Once we start dealing with many very large strings, analysis and benchmarks show that we can do a lot better by processing the string of alphanumerics in batches.

Let \( e \) denote the exponent corresponding to the highest power of base \( b \in [2, 36] \) that fits in a base \( \text{bi_base} > b \) digit [1]. By definition, any \( e \)-digit base-b integer

\[ \phi_{e - 1}\cdot b^{e - 1} + \cdots + \phi_{0} \cdot b^{0} \]

can be represented by a single base-bi_base digit. The exponent \( e \) can be referred to as the maximum batch size (i.e. the maximum number of characters in a batch).

1. Set result to 0. \( \text{result} = 0 \).
2. Set k to 0. \( k = 0 \). Define \( k \) as a zero-based index for the characters in a string of \( m \) alphanumerics. Valid indices are in the set \( [0, m - 1] \).

3. Iterate over the characters.

   (a) If \( k \) is equal to \( m \), return \( \text{result} \).

   (b) Set batch value to 0. \( \text{batch_value} = 0 \).

   (c) Calculate how many characters to batch: \( \lambda \). This should be the minimum of \( e \) and the number of characters remaining in the string that have not yet been processed.

   \[ \lambda \equiv \min \{e, \; m - k\} \]

   (d) Calculate the batch value. Use the algorithm specified above. That is, for each \( j \in (0, 1, \ldots, \lambda - 1) \), obtain the base-b digit that the current character maps to (call this \( \text{cur_digit} \)), calculate

   \[ \text{batch_value} = \text{batch_value} * b + \text{cur_digit} \]

   and then increase \( k \) by 1.

   At the end of this loop, the batch value represents a \( \lambda \) digit base-b integer or a single base \( b^{\lambda} \) digit.

   (e) Multiply and add.

   \[ \text{result} = \text{result} \cdot b^{\lambda} + \text{batch_value} \]

To see that this works, it helps to write out a few iterations.

If \( m \leq e \), \( \text{result} = \text{batch_value} \) and we are done.

If \( m \gt e \), there's at least one full batch and some residual. Let's consider this case.

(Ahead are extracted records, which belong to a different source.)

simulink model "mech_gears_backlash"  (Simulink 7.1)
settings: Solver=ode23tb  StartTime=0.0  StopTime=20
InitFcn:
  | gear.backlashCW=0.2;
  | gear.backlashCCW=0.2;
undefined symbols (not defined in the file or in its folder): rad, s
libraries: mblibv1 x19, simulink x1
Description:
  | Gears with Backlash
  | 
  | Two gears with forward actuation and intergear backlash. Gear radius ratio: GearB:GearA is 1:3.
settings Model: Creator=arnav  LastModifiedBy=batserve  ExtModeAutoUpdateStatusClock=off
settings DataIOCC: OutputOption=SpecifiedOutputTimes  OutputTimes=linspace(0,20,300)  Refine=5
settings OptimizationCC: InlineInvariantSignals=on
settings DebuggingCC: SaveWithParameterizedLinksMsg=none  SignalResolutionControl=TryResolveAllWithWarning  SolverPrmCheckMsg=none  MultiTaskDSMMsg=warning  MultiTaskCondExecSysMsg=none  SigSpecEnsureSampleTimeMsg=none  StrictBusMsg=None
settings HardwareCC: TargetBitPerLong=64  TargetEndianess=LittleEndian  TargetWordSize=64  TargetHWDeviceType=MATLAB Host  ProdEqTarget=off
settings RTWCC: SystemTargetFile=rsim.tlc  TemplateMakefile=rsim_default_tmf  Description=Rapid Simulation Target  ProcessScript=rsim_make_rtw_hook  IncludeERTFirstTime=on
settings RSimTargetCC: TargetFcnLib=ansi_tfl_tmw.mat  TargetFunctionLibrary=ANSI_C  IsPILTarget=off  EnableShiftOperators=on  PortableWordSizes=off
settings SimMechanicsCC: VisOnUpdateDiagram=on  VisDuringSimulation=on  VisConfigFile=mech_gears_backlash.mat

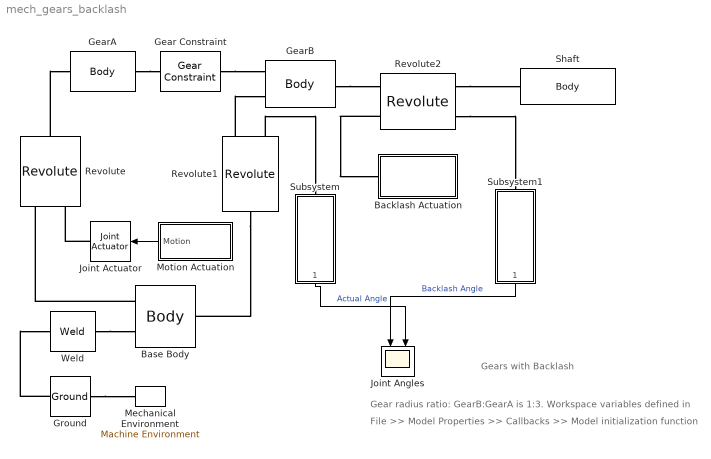
== system mech_gears_backlash ==
  note: Gears with Backlash
  note: Gear radius ratio: GearB:GearA is 1:3.
      | Workspace variables defined in
  note: File >> Model Properties >>
      | Callbacks >> Model initialization function
  Backlash Actuation : Subsystem
  Base Body : mblibv1/Bodies/Body  DialogController=MECH.DynMechDlgSource  PhysicalDomain=mechanical  SubClassName=Unknown  LeftPortType=workingframe  RightPortType=workingframe  LConnTagsString=CS1|CG  RConnTagsString=CS2  DialogClass=MechanicalBodyBlock  Mass=14  MassUnits=kg  InertiaUnits=kg*m^2  Inertia=[1 0 0;0 3 0;0 0 3];  Shape=Cylinder  ShapeDims=[1 1]  ShapeUnits=m  ShapeUse=false  Density=1  DensityUnits=kg/m^3  DensityUse=false  GraphicsMode=1  BodyColor=[0.5 0.5 0.5]  GraphicsObj=[]  AttachedToCS=1  CG=Left$CG$[1 0 0]$CS1$CS1$m$[0 0 0]$Euler X-Y-Z$deg$WORLD$true  WorkingFrames=Left$CS1$[0 0 0]$WORLD$WORLD$m$[0 0 0]$Euler X-Y-Z$deg$WORLD$true#Right$CS2$[2 0 0]$CS1$CS1$m$[0 0 0]$Euler X-Y-Z$deg$WORLD$true#Right$CS3$[1 -2 0]$CS1$CS1$m$[0 0 0]$Euler X-Y-Z$deg$WORLD$false  CGPos=[1 0 0]  CGRot=[0 0 0]  CS0Pos=[]  CS0Rot=[]  CS1Pos=[0 0 0]  CS1Rot=[0 0 0]  CS2Pos=[2 0 0]  CS2Rot=[0 0 0]  CS3Pos=[1 -2 0]  CS3Rot=[0 0 0]  CS4Pos=[]  CS4Rot=[]  CS5Pos=[]  CS5Rot=[]  CS6Pos=[]  CS6Rot=[]  CS7Pos=[]  CS7Rot=[]  CS8Pos=[]  CS8Rot=[]  CS9Pos=[]  CS9Rot=[]  CS10Pos=[]  CS10Rot=[]  CS11Pos=[]  CS11Rot=[]  CS12Pos=[]  CS12Rot=[]  CS13Pos=[]  CS13Rot=[]  CS14Pos=[]  CS14Rot=[]  CS15Pos=[]  CS15Rot=[]  CS16Pos=[]  CS16Rot=[]  CS17Pos=[]  CS17Rot=[]  CS18Pos=[]  CS18Rot=[]  CS19Pos=[]  CS19Rot=[]  CS20Pos=[]  CS20Rot=[]
  Gear Constraint : mblibv1/Constraints &  Drivers/Gear Constraint  DialogController=MECH.DynMechDlgSource  PhysicalDomain=mechanical  SubClassName=Unknown  LeftPortType=blob  RightPortType=blob  LConnTagsString=__newl0  RConnTagsString=__newr0  DialogClass=GearConstraint  NumSAPorts=0  BaseRadius=1.5  BaseRadiusUnits=m  FollowerRadius=0.5  FollowerRadiusUnits=m
  GearA : mblibv1/Bodies/Body  DialogController=MECH.DynMechDlgSource  PhysicalDomain=mechanical  SubClassName=Unknown  LeftPortType=workingframe  RightPortType=workingframe  LConnTagsString=CS1  RConnTagsString=CS2  DialogClass=MechanicalBodyBlock  Mass=2  MassUnits=kg  InertiaUnits=kg*m^2  Inertia=[0.5 0 0;0 0.5 0;0 0 1]  Shape=Cylinder  ShapeDims=[1 1]  ShapeUnits=m  ShapeUse=false  Density=1  DensityUnits=kg/m^3  DensityUse=false  GraphicsMode=1  BodyColor=[0.5 0.5 0.5]  GraphicsObj=[]  AttachedToCS=1  CG=Left$CG$[0 0 0]$CS1$CS1$m$[0 0 0]$Euler X-Y-Z$deg$WORLD$false  WorkingFrames=Left$CS1$[0 0 0]$ADJOINING$ADJOINING$m$[0 0 0]$Euler X-Y-Z$deg$WORLD$true#Right$CS2$[0 0 0]$CS1$CS1$m$[0 0 0]$Euler X-Y-Z$deg$WORLD$true#Right$CS3$[-1 0 0]$CG$CG$m$[0 0 0]$Euler X-Y-Z$deg$WORLD$false#Right$CS4$[0 1 0]$CG$CG$m$[0 0 0]$Euler X-Y-Z$deg$WORLD$false#Right$CS5$[1 0 0]$CG$CG$m$[0 0 0]$Euler X-Y-Z$deg$WORLD$false#Right$CS6$[0 -1 0]$CG$CG$m$[0 0 0]$Euler X-Y-Z$deg$WORLD$false#Right$CS7$[0 0 -0.5]$CS3$CS3$m$[0 0 0]$Euler X-Y-Z$deg$WORLD$false#Right$CS8$[0 0 -0.5]$CS4$CS4$m$[0 0 0]$Euler X-Y-Z$deg$WORLD$false#Right$CS9$[0 0 -0.5]$CS5$CS5$m$[0 0 0]$Euler X-Y-Z$deg$WORLD$false#Right$CS10$[0 0 -0.5]$CS6$CS6$m$[0 0 0]$Euler X-Y-Z$deg$WORLD$false  CGPos=[0 0 0]  CGRot=[0 0 0]  CS0Pos=[]  CS0Rot=[]  CS1Pos=[0 0 0]  CS1Rot=[0 0 0]  CS2Pos=[0 0 0]  CS2Rot=[0 0 0]  CS3Pos=[-1 0 0]  CS3Rot=[0 0 0]  CS4Pos=[0 1 0]  CS4Rot=[0 0 0]  CS5Pos=[1 0 0]  CS5Rot=[0 0 0]  CS6Pos=[0 -1 0]  CS6Rot=[0 0 0]  CS7Pos=[0 0 -0.5]  CS7Rot=[0 0 0]  CS8Pos=[0 0 -0.5]  CS8Rot=[0 0 0]  CS9Pos=[0 0 -0.5]  CS9Rot=[0 0 0]  CS10Pos=[0 0 -0.5]  CS10Rot=[0 0 0]  CS11Pos=[]  CS11Rot=[]  CS12Pos=[]  CS12Rot=[]  CS13Pos=[]  CS13Rot=[]  CS14Pos=[]  CS14Rot=[]  CS15Pos=[]  CS15Rot=[]  CS16Pos=[]  CS16Rot=[]  CS17Pos=[]  CS17Rot=[]  CS18Pos=[]  CS18Rot=[]  CS19Pos=[]  CS19Rot=[]  CS20Pos=[]  CS20Rot=[]
  GearB : mblibv1/Bodies/Body  DialogController=MECH.DynMechDlgSource  PhysicalDomain=mechanical  SubClassName=Unknown  LeftPortType=workingframe  RightPortType=workingframe  LConnTagsString=CS1|CS2  RConnTagsString=CS3  DialogClass=MechanicalBodyBlock  Mass=4  MassUnits=kg  InertiaUnits=kg*m^2  Inertia=[0.5 0 0;0 0.5 0;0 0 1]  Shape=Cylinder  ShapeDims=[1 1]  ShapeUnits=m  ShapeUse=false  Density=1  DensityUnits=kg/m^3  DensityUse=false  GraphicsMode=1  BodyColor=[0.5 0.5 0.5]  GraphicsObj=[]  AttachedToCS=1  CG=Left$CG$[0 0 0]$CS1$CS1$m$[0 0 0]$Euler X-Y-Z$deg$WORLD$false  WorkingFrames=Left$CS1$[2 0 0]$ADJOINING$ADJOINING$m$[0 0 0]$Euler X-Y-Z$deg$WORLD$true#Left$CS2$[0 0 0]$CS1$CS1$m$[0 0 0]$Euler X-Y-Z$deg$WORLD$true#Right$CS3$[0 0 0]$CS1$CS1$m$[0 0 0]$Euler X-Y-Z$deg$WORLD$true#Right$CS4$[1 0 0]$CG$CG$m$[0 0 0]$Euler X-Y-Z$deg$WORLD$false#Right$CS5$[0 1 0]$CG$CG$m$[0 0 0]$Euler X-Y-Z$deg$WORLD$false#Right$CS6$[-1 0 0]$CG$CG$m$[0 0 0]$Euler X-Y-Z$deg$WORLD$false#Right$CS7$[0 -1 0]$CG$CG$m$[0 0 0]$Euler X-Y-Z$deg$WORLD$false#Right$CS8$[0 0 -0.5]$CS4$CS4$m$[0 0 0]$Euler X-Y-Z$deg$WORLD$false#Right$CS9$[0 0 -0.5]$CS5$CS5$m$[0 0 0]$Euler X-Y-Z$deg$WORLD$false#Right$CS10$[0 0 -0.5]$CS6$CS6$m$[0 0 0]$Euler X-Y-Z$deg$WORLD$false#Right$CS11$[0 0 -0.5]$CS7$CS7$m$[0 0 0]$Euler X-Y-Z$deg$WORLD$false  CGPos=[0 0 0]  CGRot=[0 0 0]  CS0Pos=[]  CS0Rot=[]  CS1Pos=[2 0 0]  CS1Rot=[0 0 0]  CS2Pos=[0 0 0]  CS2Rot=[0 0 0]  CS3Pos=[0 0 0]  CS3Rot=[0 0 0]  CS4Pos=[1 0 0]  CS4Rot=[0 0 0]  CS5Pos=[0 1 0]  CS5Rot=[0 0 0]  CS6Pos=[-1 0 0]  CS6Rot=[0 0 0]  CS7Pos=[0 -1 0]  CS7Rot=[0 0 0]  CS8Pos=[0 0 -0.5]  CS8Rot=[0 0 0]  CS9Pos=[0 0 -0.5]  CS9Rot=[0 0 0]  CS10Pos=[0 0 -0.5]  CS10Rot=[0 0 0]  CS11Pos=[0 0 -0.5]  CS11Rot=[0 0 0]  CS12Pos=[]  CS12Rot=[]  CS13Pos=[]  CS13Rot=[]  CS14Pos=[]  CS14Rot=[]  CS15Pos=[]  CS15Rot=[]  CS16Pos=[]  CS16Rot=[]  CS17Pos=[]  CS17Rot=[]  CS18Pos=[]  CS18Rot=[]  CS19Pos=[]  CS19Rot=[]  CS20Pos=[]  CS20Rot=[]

After processing the first substring:

\begin{align} \text{result} &= 0 \cdot b^{e} + (a_{m-1}b^{e-1} + \cdots + a_{m-e}b^{0}) \\ &= a_{m-1}b^{e-1} + \cdots + a_{m-e}b^{0} \end{align}

Suppose \( m - k \ge e\), so that we have another full batch. The result after processing the second substring is:

\begin{align} \text{result} &= (a_{m-1}b^{e-1} + \cdots + a_{m-e}b^{0}) \cdot b^{e} + (a_{m-e-1}b^{e-1} + \cdots + a_{m-2e}b^{0}) \\ &= a_{m-1}b^{2e-1} + \cdots + a_{m-e}b^{e} + \cdots + a_{m-2e}b^{0} \end{align}

Suppose \( m - k \ge e\) a total of \( \Omega \) times. After processing the \( \Omega\text{th} \) substring:

\begin{align} \text{result} &= a_{m-1}b^{\Omega e - 1} + \cdots + a_{m-\Omega e}b^{0} \end{align}

Suppose \( l \equiv m - k < e \). This will be the last substring. After processing the last substring:

\begin{align} \text{result} &= (a_{m-1}b^{\Omega e-1} + \cdots + a_{m-\Omega e}b^{0})\cdot b^{l} + (a_{m - \Omega e - 1}b^{l-1} + \cdots + a_{0}b^{0}) \\ &= a_{m-1}b^{(\Omega e +l)-1} + \cdots + a_{0}b^{0} \\ &= a_{m-1}b^{m-1} + \cdots + a_{0}b^{0} \end{align}

Above, \( \Omega e + l \) is none other than the number of characters in the string of alphanumerics, which, by definition, is \( m \).

1. For example, if \( \text{bi_base} = 2^{64} \), the highest power of 10 that fits in a base-bi_base digit is \( 10^{19} \). \( e \) is then 19.